INTERNET GIANT Google is at the centre of another European antitrust complaint orchestrated by Microsoft, this time relating to its Android software. The antitrust complaint has been filed by Fairsearch Europe, whose members include the likes of Microsoft, Nokia and Oracle. The group, which describes itself as an "organization united to promote economic growth, innovation and choice across the internet" is going after Google for its allegedly anticompetitve practices deployed with Android. It's a pretty ironic moment, after Microsoft recently was slapped with a mammoth fine for monopolistic behaviour relating to browser choice on Windows devices.Tux Radar intends to dedicate an imminent show segment to this issue as it polls listeners/readers and Pamela Jones calls this "[a]nother Cynical "Antitrust" Complaint From Microsoft and Its Buddies Against Google" (this is not the first).

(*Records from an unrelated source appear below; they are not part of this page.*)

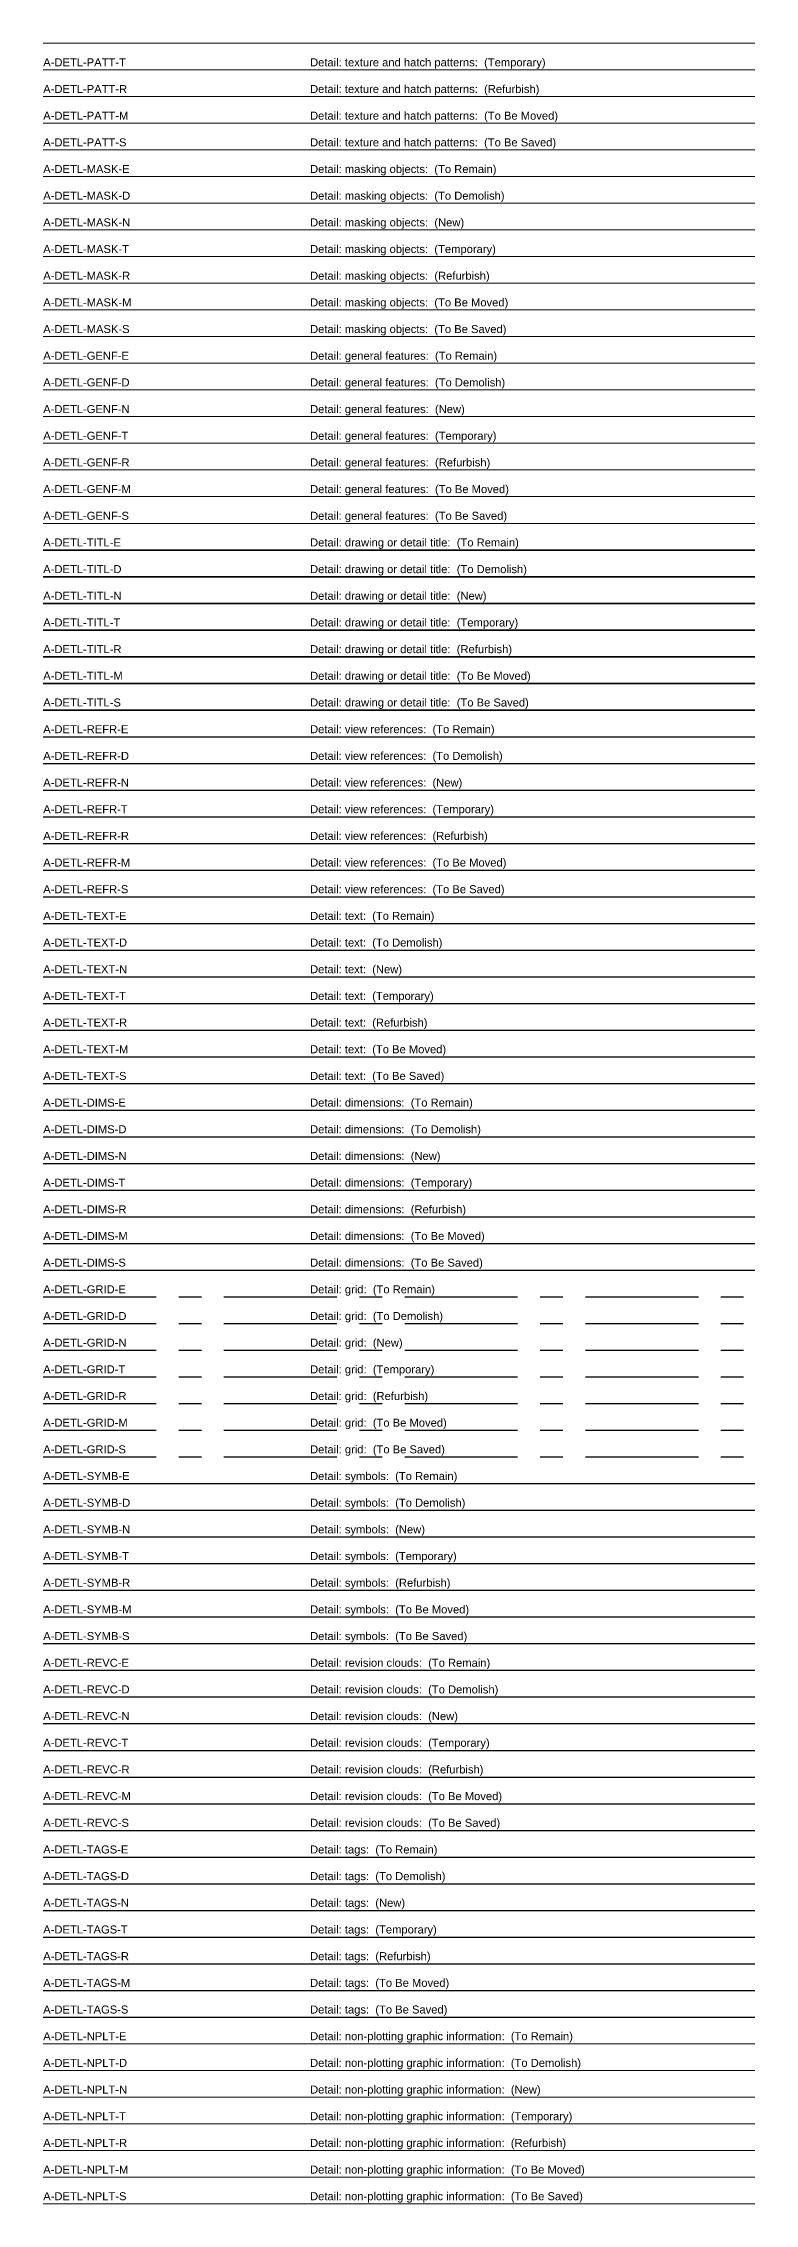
# Model space of a CAD drawing. Header units: millimetres. Extents: x 0 to 200, y -1215 to 3.
# Drawn here: x 0 to 200, y -1215 to -608 of the extents above; entities that cross this region are included whole.
import ezdxf

# ---------------------------------------------------------------- set-up
doc = ezdxf.new("R2010")
doc.units = ezdxf.units.MM
doc.linetypes.add('CENTER', pattern=[50.8, 31.75, -6.35, 6.35, -6.35])
for name, color, linetype, lineweight in [('A-DETL-DIMS-D', 11, 'Continuous', 25), ('A-DETL-DIMS-E', 201, 'Continuous', 25), ('A-DETL-DIMS-M', 51, 'Continuous', 25), ('A-DETL-DIMS-N', 171, 'Continuous', 25), ('A-DETL-DIMS-R', 131, 'Continuous', 25), ('A-DETL-DIMS-S', 101, 'Continuous', 25), ('A-DETL-DIMS-T', 31, 'Continuous', 25), ('A-DETL-GENF-D', 10, 'Continuous', 18), ('A-DETL-GENF-E', 200, 'Continuous', 18), ('A-DETL-GENF-M', 50, 'Continuous', 18), ('A-DETL-GENF-N', 170, 'Continuous', 18), ('A-DETL-GENF-R', 130, 'Continuous', 18), ('A-DETL-GENF-S', 100, 'Continuous', 18), ('A-DETL-GENF-T', 30, 'Continuous', 18), ('A-DETL-GRID-D', 11, 'CENTER', 25), ('A-DETL-GRID-E', 201, 'CENTER', 25), ('A-DETL-GRID-M', 51, 'CENTER', 25), ('A-DETL-GRID-N', 171, 'CENTER', 25), ('A-DETL-GRID-R', 131, 'CENTER', 25), ('A-DETL-GRID-S', 101, 'CENTER', 25), ('A-DETL-GRID-T', 31, 'CENTER', 25), ('A-DETL-MASK-D', 10, 'Continuous', 18), ('A-DETL-MASK-E', 200, 'Continuous', 18), ('A-DETL-MASK-M', 50, 'Continuous', 18), ('A-DETL-MASK-N', 170, 'Continuous', 18), ('A-DETL-MASK-R', 130, 'Continuous', 18), ('A-DETL-MASK-S', 100, 'Continuous', 18), ('A-DETL-MASK-T', 30, 'Continuous', 18), ('A-DETL-PATT-M', 59, 'Continuous', 13), ('A-DETL-PATT-N', 179, 'Continuous', 13), ('A-DETL-PATT-R', 139, 'Continuous', 13), ('A-DETL-PATT-S', 109, 'Continuous', 13), ('A-DETL-PATT-T', 39, 'Continuous', 13), ('A-DETL-REFR-D', 11, 'Continuous', 25), ('A-DETL-REFR-E', 201, 'Continuous', 25), ('A-DETL-REFR-M', 51, 'Continuous', 25), ('A-DETL-REFR-N', 171, 'Continuous', 25), ('A-DETL-REFR-R', 131, 'Continuous', 25), ('A-DETL-REFR-S', 101, 'Continuous', 25), ('A-DETL-REFR-T', 31, 'Continuous', 25), ('A-DETL-REVC-D', 71, 'Continuous', 25), ('A-DETL-REVC-E', 71, 'Continuous', 25), ('A-DETL-REVC-M', 71, 'Continuous', 25), ('A-DETL-REVC-N', 71, 'Continuous', 25), ('A-DETL-REVC-R', 71, 'Continuous', 25), ('A-DETL-REVC-S', 71, 'Continuous', 25), ('A-DETL-REVC-T', 71, 'Continuous', 25), ('A-DETL-SYMB-D', 11, 'Continuous', 25), ('A-DETL-SYMB-E', 201, 'Continuous', 25), ('A-DETL-SYMB-M', 51, 'Continuous', 25), ('A-DETL-SYMB-N', 171, 'Continuous', 25), ('A-DETL-SYMB-R', 131, 'Continuous', 25), ('A-DETL-SYMB-S', 101, 'Continuous', 25), ('A-DETL-SYMB-T', 31, 'Continuous', 25), ('A-DETL-TAGS-D', 11, 'Continuous', 25), ('A-DETL-TAGS-E', 201, 'Continuous', 25), ('A-DETL-TAGS-M', 51, 'Continuous', 25), ('A-DETL-TAGS-N', 171, 'Continuous', 25), ('A-DETL-TAGS-R', 131, 'Continuous', 25), ('A-DETL-TAGS-S', 101, 'Continuous', 25), ('A-DETL-TAGS-T', 31, 'Continuous', 25), ('A-DETL-TEXT-D', 11, 'Continuous', 25), ('A-DETL-TEXT-E', 201, 'Continuous', 25), ('A-DETL-TEXT-M', 51, 'Continuous', 25), ('A-DETL-TEXT-N', 171, 'Continuous', 25), ('A-DETL-TEXT-R', 131, 'Continuous', 25), ('A-DETL-TEXT-S', 101, 'Continuous', 25), ('A-DETL-TEXT-T', 31, 'Continuous', 25), ('A-DETL-TITL-D', 13, 'Continuous', 35), ('A-DETL-TITL-E', 203, 'Continuous', 35), ('A-DETL-TITL-M', 53, 'Continuous', 35), ('A-DETL-TITL-N', 173, 'Continuous', 35), ('A-DETL-TITL-R', 133, 'Continuous', 35), ('A-DETL-TITL-S', 103, 'Continuous', 35), ('A-DETL-TITL-T', 33, 'Continuous', 35)]:
    doc.layers.add(name, color=color, linetype=linetype, lineweight=lineweight)
for name, color, linetype, lineweight, plot in [('A-DETL-NPLT-D', 140, 'Continuous', 18, False), ('A-DETL-NPLT-E', 140, 'Continuous', 18, False), ('A-DETL-NPLT-M', 140, 'Continuous', 18, False), ('A-DETL-NPLT-N', 140, 'Continuous', 18, False), ('A-DETL-NPLT-R', 140, 'Continuous', 18, False), ('A-DETL-NPLT-S', 140, 'Continuous', 18, False), ('A-DETL-NPLT-T', 140, 'Continuous', 18, False)]:
    doc.layers.add(name, color=color, linetype=linetype, lineweight=lineweight, plot=plot)
doc.styles.get("Standard").update_dxf_attribs({"font": 'arial.ttf'})

# ---------------------------------------------------------------- blocks, each defined once
blk = doc.blocks.new('AecLayers_SingleLetter_Augmented_UpperPhasing_A_Detl')
at = {"layer": 'A-DETL-DIMS-D'}
blk.add_line((0, -915), (200, -915), dxfattribs=at)
at = {"layer": 'A-DETL-DIMS-E'}
blk.add_line((0, -907.5), (200, -907.5), dxfattribs=at)
at = {"layer": 'A-DETL-DIMS-M'}
blk.add_line((0, -945), (200, -945), dxfattribs=at)
at = {"layer": 'A-DETL-DIMS-N'}
blk.add_line((0, -922.5), (200, -922.5), dxfattribs=at)
at = {"layer": 'A-DETL-DIMS-R'}
blk.add_line((0, -937.5), (200, -937.5), dxfattribs=at)
at = {"layer": 'A-DETL-DIMS-S'}
blk.add_line((0, -952.5), (200, -952.5), dxfattribs=at)
at = {"layer": 'A-DETL-DIMS-T'}
blk.add_line((0, -930), (200, -930), dxfattribs=at)
at = {"layer": 'A-DETL-GENF-D'}
blk.add_line((0, -705), (200, -705), dxfattribs=at)
at = {"layer": 'A-DETL-GENF-E'}
blk.add_line((0, -697.5), (200, -697.5), dxfattribs=at)
at = {"layer": 'A-DETL-GENF-M'}
blk.add_line((0, -735), (200, -735), dxfattribs=at)
at = {"layer": 'A-DETL-GENF-N'}
blk.add_line((0, -712.5), (200, -712.5), dxfattribs=at)
at = {"layer": 'A-DETL-GENF-R'}
blk.add_line((0, -727.5), (200, -727.5), dxfattribs=at)
at = {"layer": 'A-DETL-GENF-S'}
blk.add_line((0, -742.5), (200, -742.5), dxfattribs=at)
at = {"layer": 'A-DETL-GENF-T'}
blk.add_line((0, -720), (200, -720), dxfattribs=at)
at = {"layer": 'A-DETL-GRID-D'}
blk.add_line((0, -967.5), (200, -967.5), dxfattribs=at)
at = {"layer": 'A-DETL-GRID-E'}
blk.add_line((0, -960), (200, -960), dxfattribs=at)
at = {"layer": 'A-DETL-GRID-M'}
blk.add_line((0, -997.5), (200, -997.5), dxfattribs=at)
at = {"layer": 'A-DETL-GRID-N'}
blk.add_line((0, -975), (200, -975), dxfattribs=at)
at = {"layer": 'A-DETL-GRID-R'}
blk.add_line((0, -990), (200, -990), dxfattribs=at)
at = {"layer": 'A-DETL-GRID-S'}
blk.add_line((0, -1005), (200, -1005), dxfattribs=at)
at = {"layer": 'A-DETL-GRID-T'}
blk.add_line((0, -982.5), (200, -982.5), dxfattribs=at)
at = {"layer": 'A-DETL-MASK-D'}
blk.add_line((0, -652.5), (200, -652.5), dxfattribs=at)
at = {"layer": 'A-DETL-MASK-E'}
blk.add_line((0, -645), (200, -645), dxfattribs=at)
at = {"layer": 'A-DETL-MASK-M'}
blk.add_line((0, -682.5), (200, -682.5), dxfattribs=at)
at = {"layer": 'A-DETL-MASK-N'}
blk.add_line((0, -660), (200, -660), dxfattribs=at)
at = {"layer": 'A-DETL-MASK-R'}
blk.add_line((0, -675), (200, -675), dxfattribs=at)
at = {"layer": 'A-DETL-MASK-S'}
blk.add_line((0, -690), (200, -690), dxfattribs=at)
at = {"layer": 'A-DETL-MASK-T'}
blk.add_line((0, -667.5), (200, -667.5), dxfattribs=at)
at = {"layer": 'A-DETL-NPLT-D'}
blk.add_line((0, -1177.5), (200, -1177.5), dxfattribs=at)
at = {"layer": 'A-DETL-NPLT-E'}
blk.add_line((0, -1170), (200, -1170), dxfattribs=at)
at = {"layer": 'A-DETL-NPLT-M'}
blk.add_line((0, -1207.5), (200, -1207.5), dxfattribs=at)
at = {"layer": 'A-DETL-NPLT-N'}
blk.add_line((0, -1185), (200, -1185), dxfattribs=at)
at = {"layer": 'A-DETL-NPLT-R'}
blk.add_line((0, -1200), (200, -1200), dxfattribs=at)
at = {"layer": 'A-DETL-NPLT-S'}
blk.add_line((0, -1215), (200, -1215), dxfattribs=at)
at = {"layer": 'A-DETL-NPLT-T'}
blk.add_line((0, -1192.5), (200, -1192.5), dxfattribs=at)
at = {"layer": 'A-DETL-PATT-M'}
blk.add_line((0, -630), (200, -630), dxfattribs=at)
at = {"layer": 'A-DETL-PATT-N'}
blk.add_line((0, -607.5), (200, -607.5), dxfattribs=at)
at = {"layer": 'A-DETL-PATT-R'}
blk.add_line((0, -622.5), (200, -622.5), dxfattribs=at)
at = {"layer": 'A-DETL-PATT-S'}
blk.add_line((0, -637.5), (200, -637.5), dxfattribs=at)
at = {"layer": 'A-DETL-PATT-T'}
blk.add_line((0, -615), (200, -615), dxfattribs=at)
at = {"layer": 'A-DETL-REFR-D'}
blk.add_line((0, -810), (200, -810), dxfattribs=at)
at = {"layer": 'A-DETL-REFR-E'}
blk.add_line((0, -802.5), (200, -802.5), dxfattribs=at)
at = {"layer": 'A-DETL-REFR-M'}
blk.add_line((0, -840), (200, -840), dxfattribs=at)
at = {"layer": 'A-DETL-REFR-N'}
blk.add_line((0, -817.5), (200, -817.5), dxfattribs=at)
at = {"layer": 'A-DETL-REFR-R'}
blk.add_line((0, -832.5), (200, -832.5), dxfattribs=at)
at = {"layer": 'A-DETL-REFR-S'}
blk.add_line((0, -847.5), (200, -847.5), dxfattribs=at)
at = {"layer": 'A-DETL-REFR-T'}
blk.add_line((0, -825), (200, -825), dxfattribs=at)
at = {"layer": 'A-DETL-REVC-D'}
blk.add_line((0, -1072.5), (200, -1072.5), dxfattribs=at)
at = {"layer": 'A-DETL-REVC-E'}
blk.add_line((0, -1065), (200, -1065), dxfattribs=at)
at = {"layer": 'A-DETL-REVC-M'}
blk.add_line((0, -1102.5), (200, -1102.5), dxfattribs=at)
at = {"layer": 'A-DETL-REVC-N'}
blk.add_line((0, -1080), (200, -1080), dxfattribs=at)
at = {"layer": 'A-DETL-REVC-R'}
blk.add_line((0, -1095), (200, -1095), dxfattribs=at)
at = {"layer": 'A-DETL-REVC-S'}
blk.add_line((0, -1110), (200, -1110), dxfattribs=at)
at = {"layer": 'A-DETL-REVC-T'}
blk.add_line((0, -1087.5), (200, -1087.5), dxfattribs=at)
at = {"layer": 'A-DETL-SYMB-D'}
blk.add_line((0, -1020), (200, -1020), dxfattribs=at)
at = {"layer": 'A-DETL-SYMB-E'}
blk.add_line((0, -1012.5), (200, -1012.5), dxfattribs=at)
at = {"layer": 'A-DETL-SYMB-M'}
blk.add_line((0, -1050), (200, -1050), dxfattribs=at)
at = {"layer": 'A-DETL-SYMB-N'}
blk.add_line((0, -1027.5), (200, -1027.5), dxfattribs=at)
at = {"layer": 'A-DETL-SYMB-R'}
blk.add_line((0, -1042.5), (200, -1042.5), dxfattribs=at)
at = {"layer": 'A-DETL-SYMB-S'}
blk.add_line((0, -1057.5), (200, -1057.5), dxfattribs=at)
at = {"layer": 'A-DETL-SYMB-T'}
blk.add_line((0, -1035), (200, -1035), dxfattribs=at)
at = {"layer": 'A-DETL-TAGS-D'}
blk.add_line((0, -1125), (200, -1125), dxfattribs=at)
at = {"layer": 'A-DETL-TAGS-E'}
blk.add_line((0, -1117.5), (200, -1117.5), dxfattribs=at)
at = {"layer": 'A-DETL-TAGS-M'}
blk.add_line((0, -1155), (200, -1155), dxfattribs=at)
at = {"layer": 'A-DETL-TAGS-N'}
blk.add_line((0, -1132.5), (200, -1132.5), dxfattribs=at)
at = {"layer": 'A-DETL-TAGS-R'}
blk.add_line((0, -1147.5), (200, -1147.5), dxfattribs=at)
at = {"layer": 'A-DETL-TAGS-S'}
blk.add_line((0, -1162.5), (200, -1162.5), dxfattribs=at)
at = {"layer": 'A-DETL-TAGS-T'}
blk.add_line((0, -1140), (200, -1140), dxfattribs=at)
at = {"layer": 'A-DETL-TEXT-D'}
blk.add_line((0, -862.5), (200, -862.5), dxfattribs=at)
at = {"layer": 'A-DETL-TEXT-E'}
blk.add_line((0, -855), (200, -855), dxfattribs=at)
at = {"layer": 'A-DETL-TEXT-M'}
blk.add_line((0, -892.5), (200, -892.5), dxfattribs=at)
at = {"layer": 'A-DETL-TEXT-N'}
blk.add_line((0, -870), (200, -870), dxfattribs=at)
at = {"layer": 'A-DETL-TEXT-R'}
blk.add_line((0, -885), (200, -885), dxfattribs=at)
at = {"layer": 'A-DETL-TEXT-S'}
blk.add_line((0, -900), (200, -900), dxfattribs=at)
at = {"layer": 'A-DETL-TEXT-T'}
blk.add_line((0, -877.5), (200, -877.5), dxfattribs=at)
at = {"layer": 'A-DETL-TITL-D'}
blk.add_line((0, -757.5), (200, -757.5), dxfattribs=at)
at = {"layer": 'A-DETL-TITL-E'}
blk.add_line((0, -750), (200, -750), dxfattribs=at)
at = {"layer": 'A-DETL-TITL-M'}
blk.add_line((0, -787.5), (200, -787.5), dxfattribs=at)
at = {"layer": 'A-DETL-TITL-N'}
blk.add_line((0, -765), (200, -765), dxfattribs=at)
at = {"layer": 'A-DETL-TITL-R'}
blk.add_line((0, -780), (200, -780), dxfattribs=at)
at = {"layer": 'A-DETL-TITL-S'}
blk.add_line((0, -795), (200, -795), dxfattribs=at)
at = {"layer": 'A-DETL-TITL-T'}
blk.add_line((0, -772.5), (200, -772.5), dxfattribs=at)
at = {"layer": 'A-DETL-DIMS-D'}
for s, p in [('A-DETL-DIMS-D', (0, -914)), ('Detail: dimensions:  (To Demolish)', (75, -914))]:
    blk.add_text(s, height=2.25, dxfattribs=at).set_placement(p)
at = {"layer": 'A-DETL-DIMS-E'}
for s, p in [('A-DETL-DIMS-E', (0, -906.5)), ('Detail: dimensions:  (To Remain)', (75, -906.5))]:
    blk.add_text(s, height=2.25, dxfattribs=at).set_placement(p)
at = {"layer": 'A-DETL-DIMS-M'}
for s, p in [('A-DETL-DIMS-M', (0, -944)), ('Detail: dimensions:  (To Be Moved)', (75, -944))]:
    blk.add_text(s, height=2.25, dxfattribs=at).set_placement(p)
at = {"layer": 'A-DETL-DIMS-N'}
for s, p in [('A-DETL-DIMS-N', (0, -921.5)), ('Detail: dimensions:  (New)', (75, -921.5))]:
    blk.add_text(s, height=2.25, dxfattribs=at).set_placement(p)
at = {"layer": 'A-DETL-DIMS-R'}
for s, p in [('A-DETL-DIMS-R', (0, -936.5)), ('Detail: dimensions:  (Refurbish)', (75, -936.5))]:
    blk.add_text(s, height=2.25, dxfattribs=at).set_placement(p)
at = {"layer": 'A-DETL-DIMS-S'}
for s, p in [('A-DETL-DIMS-S', (0, -951.5)), ('Detail: dimensions:  (To Be Saved)', (75, -951.5))]:
    blk.add_text(s, height=2.25, dxfattribs=at).set_placement(p)
at = {"layer": 'A-DETL-DIMS-T'}
for s, p in [('A-DETL-DIMS-T', (0, -929)), ('Detail: dimensions:  (Temporary)', (75, -929))]:
    blk.add_text(s, height=2.25, dxfattribs=at).set_placement(p)
at = {"layer": 'A-DETL-GENF-D'}
for s, p in [('A-DETL-GENF-D', (0, -704)), ('Detail: general features:  (To Demolish)', (75, -704))]:
    blk.add_text(s, height=2.25, dxfattribs=at).set_placement(p)
at = {"layer": 'A-DETL-GENF-E'}
for s, p in [('A-DETL-GENF-E', (0, -696.5)), ('Detail: general features:  (To Remain)', (75, -696.5))]:
    blk.add_text(s, height=2.25, dxfattribs=at).set_placement(p)
at = {"layer": 'A-DETL-GENF-M'}
for s, p in [('A-DETL-GENF-M', (0, -734)), ('Detail: general features:  (To Be Moved)', (75, -734))]:
    blk.add_text(s, height=2.25, dxfattribs=at).set_placement(p)
at = {"layer": 'A-DETL-GENF-N'}
for s, p in [('A-DETL-GENF-N', (0, -711.5)), ('Detail: general features:  (New)', (75, -711.5))]:
    blk.add_text(s, height=2.25, dxfattribs=at).set_placement(p)
at = {"layer": 'A-DETL-GENF-R'}
for s, p in [('A-DETL-GENF-R', (0, -726.5)), ('Detail: general features:  (Refurbish)', (75, -726.5))]:
    blk.add_text(s, height=2.25, dxfattribs=at).set_placement(p)
at = {"layer": 'A-DETL-GENF-S'}
for s, p in [('A-DETL-GENF-S', (0, -741.5)), ('Detail: general features:  (To Be Saved)', (75, -741.5))]:
    blk.add_text(s, height=2.25, dxfattribs=at).set_placement(p)
at = {"layer": 'A-DETL-GENF-T'}
for s, p in [('A-DETL-GENF-T', (0, -719)), ('Detail: general features:  (Temporary)', (75, -719))]:
    blk.add_text(s, height=2.25, dxfattribs=at).set_placement(p)
at = {"layer": 'A-DETL-GRID-D'}
for s, p in [('A-DETL-GRID-D', (0, -966.5)), ('Detail: grid:  (To Demolish)', (75, -966.5))]:
    blk.add_text(s, height=2.25, dxfattribs=at).set_placement(p)
at = {"layer": 'A-DETL-GRID-E'}
for s, p in [('A-DETL-GRID-E', (0, -959)), ('Detail: grid:  (To Remain)', (75, -959))]:
    blk.add_text(s, height=2.25, dxfattribs=at).set_placement(p)
at = {"layer": 'A-DETL-GRID-M'}
for s, p in [('A-DETL-GRID-M', (0, -996.5)), ('Detail: grid:  (To Be Moved)', (75, -996.5))]:
    blk.add_text(s, height=2.25, dxfattribs=at).set_placement(p)
at = {"layer": 'A-DETL-GRID-N'}
for s, p in [('A-DETL-GRID-N', (0, -974)), ('Detail: grid:  (New)', (75, -974))]:
    blk.add_text(s, height=2.25, dxfattribs=at).set_placement(p)
at = {"layer": 'A-DETL-GRID-R'}
for s, p in [('A-DETL-GRID-R', (0, -989)), ('Detail: grid:  (Refurbish)', (75, -989))]:
    blk.add_text(s, height=2.25, dxfattribs=at).set_placement(p)
at = {"layer": 'A-DETL-GRID-S'}
for s, p in [('A-DETL-GRID-S', (0, -1004)), ('Detail: grid:  (To Be Saved)', (75, -1004))]:
    blk.add_text(s, height=2.25, dxfattribs=at).set_placement(p)
at = {"layer": 'A-DETL-GRID-T'}
for s, p in [('A-DETL-GRID-T', (0, -981.5)), ('Detail: grid:  (Temporary)', (75, -981.5))]:
    blk.add_text(s, height=2.25, dxfattribs=at).set_placement(p)
at = {"layer": 'A-DETL-MASK-D'}
for s, p in [('A-DETL-MASK-D', (0, -651.5)), ('Detail: masking objects:  (To Demolish)', (75, -651.5))]:
    blk.add_text(s, height=2.25, dxfattribs=at).set_placement(p)
at = {"layer": 'A-DETL-MASK-E'}
for s, p in [('A-DETL-MASK-E', (0, -644)), ('Detail: masking objects:  (To Remain)', (75, -644))]:
    blk.add_text(s, height=2.25, dxfattribs=at).set_placement(p)
at = {"layer": 'A-DETL-MASK-M'}
for s, p in [('A-DETL-MASK-M', (0, -681.5)), ('Detail: masking objects:  (To Be Moved)', (75, -681.5))]:
    blk.add_text(s, height=2.25, dxfattribs=at).set_placement(p)
at = {"layer": 'A-DETL-MASK-N'}
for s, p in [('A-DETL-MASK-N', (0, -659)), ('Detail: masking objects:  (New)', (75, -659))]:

Evidently, Microsoft and its proprietary friends didn't get the result they hoped for from their first antitrust complaint against Google to the EU Commission. The latest news is that the first one is being amicably resolved, according to the New York Times. Instead of saying to themselves, I guess we were wrong, instead Fairsearch, the Microsoft-led group that seems to have no other reason for being but to attack Google, files another antitrust complaint.Meanwhile, reveals this update from Thomas Claburn, Editor-at-Large at a large news site, the antitrust complaints against Microsoft are being kept away from the public. "In June 2007," he writes, "I filed a Freedom of Information Act (FOIA) request to learn more about the basis for Google's complaint that Microsoft's implementation of desktop search in Windows Vista violated the terms of its 2002 antitrust consent agreement."
Then he says: "After six years, the truth can finally be told. What follows is an excerpt from an email sent by Kulpreet Rana, Google's director of intellectual property, to Justice Department attorney Aaron Hoag, dated Oct. 4, 2006."
Microsoft is trying to use antitrust law as an insurance policy as its business is collapsing. Law enforcers are not helping free competition and they oughtn't intervene with Free software going mainstream.